TASK OBJECTIVE: Starting at the first line of the entries below, output every line exactly, up to and including the line with "settings DataIOCC: SignalLoggingSaveFormat=Dataset".

___ THE DATA

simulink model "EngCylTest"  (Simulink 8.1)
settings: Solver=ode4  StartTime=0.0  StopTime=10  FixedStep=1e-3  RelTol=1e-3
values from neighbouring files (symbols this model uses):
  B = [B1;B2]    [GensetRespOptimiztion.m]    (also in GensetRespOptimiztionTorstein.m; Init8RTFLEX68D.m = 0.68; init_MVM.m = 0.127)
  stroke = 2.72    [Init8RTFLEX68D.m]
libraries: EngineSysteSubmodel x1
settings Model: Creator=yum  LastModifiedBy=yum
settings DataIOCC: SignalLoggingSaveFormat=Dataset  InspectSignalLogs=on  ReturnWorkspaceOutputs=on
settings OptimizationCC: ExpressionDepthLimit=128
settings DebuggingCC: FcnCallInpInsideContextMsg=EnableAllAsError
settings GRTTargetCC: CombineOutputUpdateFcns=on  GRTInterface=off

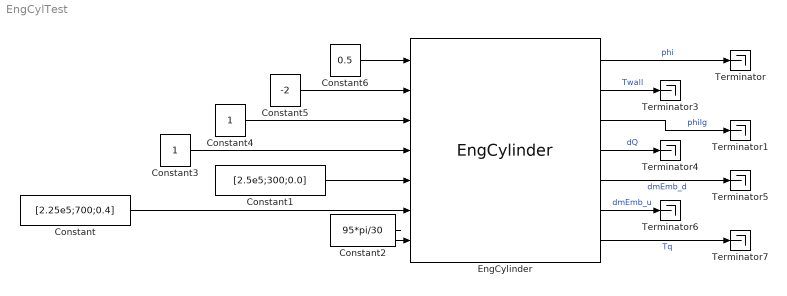
== system EngCylTest ==
  Constant : Constant  Value=[2.25e5;700;0.4]
  Constant1 : Constant  Value=[2.5e5;300;0.0]
  Constant2 : Constant  Value=95*pi/30
  Constant3 : Constant
  Constant4 : Constant
  Constant5 : Constant  Value=-2
  Constant6 : Constant  Value=0.5
  EngCylinder : EngineSysteSubmodel/EngCylinder  fs=fs  nStroke=nStroke  hn=hn  nCyl=nCyl  iCyl=1  B=B  stroke=stroke  lambdaCrank=lambdaCrank  aCrank=stroke/2  X=X  Y=Y  r=r  nPort=nPort  liftMax=liftMax  Dv=Dv  beta=beta  w=w  Dp=Dp  Ds=Ds  cAVVUpRef=cAVVUpRef  cAVVDownRef=cAVVDownRef  liftUpRef=liftUpRef  liftDownRef=liftDownRef  cAStartRef=cAStartRef  dCALiftUp=dCALiftUp  dCALiftDown=dCALiftDown  dCALiftTopRef=dCALiftTopRef  mCp=mCp  cCylHT=cCylHT  cAlpha=cAlpha  mqfCycMax=mqfCycMax  wiebePara=wiebePara  phi0=phi0  m0=mCyl0  E0=ECyl0  mb0=mbCyl0  V0=vCyl0  phi0A=phi0rad  m0A=mCyl0  E0A=ECyl0  mb0A=mbCyl0  V0A=vCyl0
  Terminator{,1,3..7} (7 alike) : Terminator
  wires:
  Constant/1 -> EngCylinder/6
  Constant1/1 -> EngCylinder/5
  Constant2/1 -> EngCylinder/7
  Constant3/1 -> EngCylinder/4
  Constant4/1 -> EngCylinder/3
  Constant5/1 -> EngCylinder/2
  Constant6/1 -> EngCylinder/1
  EngCylinder/1 -> Terminator/1  "phi"
  EngCylinder/3 -> Terminator1/1  "phiIg"
  EngCylinder/2 -> Terminator3/1  "Twall"
  EngCylinder/4 -> Terminator4/1  "dQ"
  EngCylinder/5 -> Terminator5/1  "dmEmb_d"
  EngCylinder/6 -> Terminator6/1  "dmEmb_u"
  EngCylinder/7 -> Terminator7/1  "Tq"

______

SOLUTION TO THE EXERCISE:
simulink model "EngCylTest"  (Simulink 8.1)
settings: Solver=ode4  StartTime=0.0  StopTime=10  FixedStep=1e-3  RelTol=1e-3
values from neighbouring files (symbols this model uses):
  B = [B1;B2]    [GensetRespOptimiztion.m]    (also in GensetRespOptimiztionTorstein.m; Init8RTFLEX68D.m = 0.68; init_MVM.m = 0.127)
  stroke = 2.72    [Init8RTFLEX68D.m]
libraries: EngineSysteSubmodel x1
settings Model: Creator=yum  LastModifiedBy=yum
settings DataIOCC: SignalLoggingSaveFormat=Dataset  InspectSignalLogs=on  ReturnWorkspaceOutputs=on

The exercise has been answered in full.